Братья были слишком сообразительными, чтобы не понять его нетерпение. Но они сделали вид, что ничего не случилось, и поэтому художник бесстыдно произнес:

– Мой брат Сюльпис, – сказал он, указывая на аббата, – только что говорил вам о моей скромности и застенчивости. Позвольте же и мне, господин граф, поговорить о его бескорыстии, которое, по-моему, неизлечимо. Сначала я хочу сказать одно: я согласился прийти сюда, несмотря на мое нежелание беспокоить вас, только для того, чтобы помочь ему и попросить вас проявить к нему всю вашу снисходительность. О, если бы речь шла только обо мне, поверьте, господин граф, я никогда бы не посмел нарушить ваш покой. Мне лично ничего не нужно, у меня есть моя вера! А если бы мне что-нибудь и было нужно, я мог бы подождать. Ведь я, кстати, постоянно говорю себе, что мы живем в такое время и в такой стране, где те, кого сегодня называют великими мастерами, едва ли достойны мыть кисти Беато Анжелико и Фра Бартоломео! И почему все это, господин граф? Потому что у современных художников нет веры. А у меня она есть.
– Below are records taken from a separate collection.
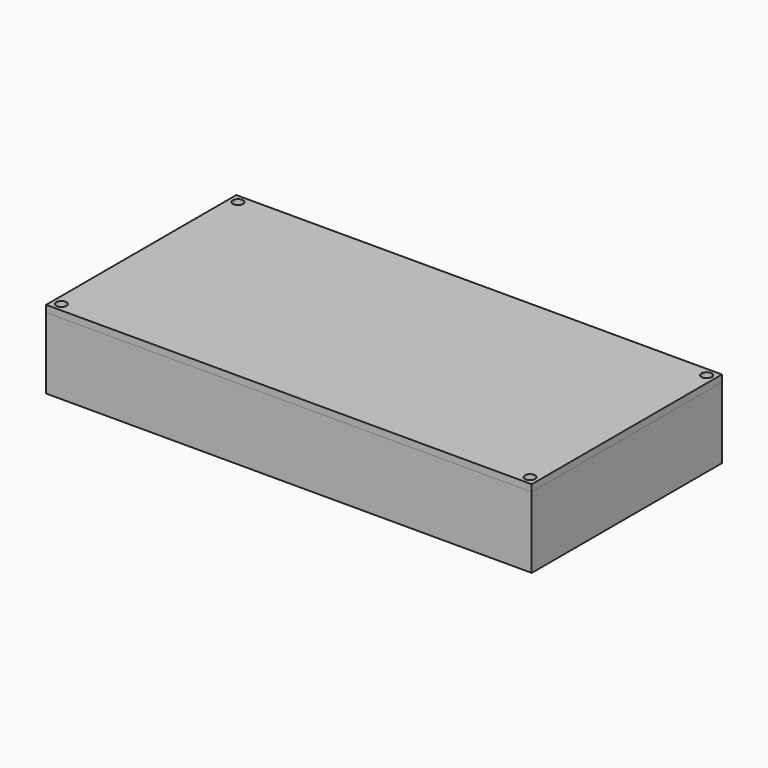
from build123d import *

# Parameters (mm, degrees)
F0_W     = 133
F0_H     = 60
F1_DEPTH = 8
F0_W_2   = 143
F0_H_2   = 70
F0_R     = 1.5
F2_DEPTH = 8.5
F3_W     = 143
F3_H     = 70
F3_W_2   = 129
F3_H_2   = 56
F4_DEPTH = 2
F5_DEPTH = 10.5
F6_W     = 133
F6_H     = 60
F7_DEPTH = 10.5
F8_W     = 143
F8_H     = 70
F8_R     = 1.5
F9_DEPTH = 2


# Not quite as in the source:
# - a feature names something its author has since deleted; it is built from what else it names


with BuildPart() as f1:
    # F0 (on Top) → F1 (new body)
    with BuildSketch(Plane.XY):
        with Locations((3.0246927018, 0)):
            Rectangle(F0_W, F0_H)
    extrude(amount=-F1_DEPTH)


with BuildPart() as f2:
    # F0 (on Top) → F2 (new body)
    with BuildSketch(Plane.XY):
        with Locations((3.0246927018, 0)):
            Rectangle(F0_W_2, F0_H_2)
        with Locations((-65.9753072982, -32.5)):
            Circle(F0_R, mode=Mode.SUBTRACT)
        with Locations((72.0246927018, -32.5)):
            Circle(F0_R, mode=Mode.SUBTRACT)
        with Locations((-65.9753072982, 32.5)):
            Circle(F0_R, mode=Mode.SUBTRACT)
        with Locations((3.0246927018, 0)):
            Rectangle(F0_W, F0_H, mode=Mode.SUBTRACT)
        with Locations((72.0246927018, 32.5)):
            Circle(F0_R, mode=Mode.SUBTRACT)
    extrude(amount=-F2_DEPTH)

    # F3 (on face) → F4 (join)
    with BuildSketch(Plane(origin=(0, 0, -8.5), x_dir=(1, 0, 0), z_dir=(0, 0, -1))):
        with Locations((3.0246927018, 0)):
            Rectangle(F3_W, F3_H)
        with Locations((3.0246927018, 0)):
            Rectangle(F3_W_2, F3_H_2, mode=Mode.SUBTRACT)
    extrude(amount=F4_DEPTH)

    # F0 (on Top) → F5 (join)
    with BuildSketch(Plane.XY):
        with Locations((3.0246927018, 0)):
            Rectangle(F0_W_2, F0_H_2)
        with Locations((-65.9753072982, -32.5)):
            Circle(F0_R, mode=Mode.SUBTRACT)
        with Locations((72.0246927018, -32.5)):
            Circle(F0_R, mode=Mode.SUBTRACT)
        with Locations((-65.9753072982, 32.5)):
            Circle(F0_R, mode=Mode.SUBTRACT)
        with Locations((3.0246927018, 0)):
            Rectangle(F0_W, F0_H, mode=Mode.SUBTRACT)
        with Locations((72.0246927018, 32.5)):
            Circle(F0_R, mode=Mode.SUBTRACT)
    extrude(amount=F5_DEPTH)

    # F6 (on face) → F7 (cut)
    with BuildSketch(Plane.XY.offset(10.5)):
        with BuildLine():
            ThreePointArc((-64.5610937358, 32), (-64.9146471264, 31.4393398282), (-65.4753072982, 31.0857864376))
            Line((-65.4753072982, 31.0857864376), (-65.4753072982, -31.0857864376))
            ThreePointArc((-65.4753072982, -31.0857864376), (-64.9146471264, -31.4393398282), (-64.5610937358, -32))
            Line((-64.5610937358, -32), (70.6104791395, -32))
            ThreePointArc((70.6104791395, -32), (70.9640325301, -31.4393398282), (71.5246927018, -31.0857864376))
            Line((71.5246927018, -31.0857864376), (71.5246927018, 31.0857864376))
            ThreePointArc((71.5246927018, 31.0857864376), (70.9640325301, 31.4393398282), (70.6104791395, 32))
            Line((70.6104791395, 32), (-64.5610937358, 32))
        make_face()
        with Locations((3.0246927018, 0)):
            Rectangle(F6_W, F6_H, mode=Mode.SUBTRACT)
    extrude(amount=-F7_DEPTH, mode=Mode.SUBTRACT)


with BuildPart() as f9:
    # F8 (on face) → F9 (new body)
    with BuildSketch(Plane.XY.offset(10.5)):
        with Locations((3.0246927018, 0)):
            Rectangle(F8_W, F8_H)
        with Locations((-65.9753072982, -32.5)):
            Circle(F8_R, mode=Mode.SUBTRACT)
        with Locations((72.0246927018, -32.5)):
            Circle(F8_R, mode=Mode.SUBTRACT)
        with Locations((-65.9753072982, 32.5)):
            Circle(F8_R, mode=Mode.SUBTRACT)
        with Locations((72.0246927018, 32.5)):
            Circle(F8_R, mode=Mode.SUBTRACT)
    extrude(amount=F9_DEPTH)


solid = Compound([f1.part, f2.part, f9.part])

И таким образом мне не нужно ничто и никто. Следовательно, мне не о чем просить. Для себя лично по крайней мере. Но когда я смотрю на моего брата, моего бедного брата, на святого, который перед вами, мсье, когда вижу, как он раздает беднякам эти тысячу двести франков, которые приносит ему его приход, и оставляет себе деньги только на то, чтобы купить вина, которым он по утрам крестит младенцев, сердце мое сжимается, господин граф, язык становится более свободным, и я не боюсь показаться навязчивым. Ибо прошу я уже не для себя, а для моего брата.

– Ксавье, друг мой! – лицемерно протянул аббат.

– О, тем хуже. Я уже начал говорить. Теперь вы знаете, господин граф, что вам надо сделать. Я ничего вам не говорю, ничего не навязываю. Я все предоставляю вашему благородному сердцу. Мы ведь не из тех людей, которые приходят к кандидату и говорят:

«Мы – владельцы и редактора газеты. Вам нужна наша поддержка – платите. Давайте заранее оговоримся о цене за нашу услугу, и мы вам ее окажем». Нет, господин граф, нет, слава богу, мы не из таких.

– Да разве есть такие люди, брат? – спросил аббат.

– Увы, да, господин аббат, есть и такие, – сказал граф Рапт. – Но, как сказал ваш брат, вы не из их числа. Я займусь вами, господин аббат. Пойду к министру по делам культов, и мы с ним постараемся по меньшей мере удвоить ваши скромные доходы.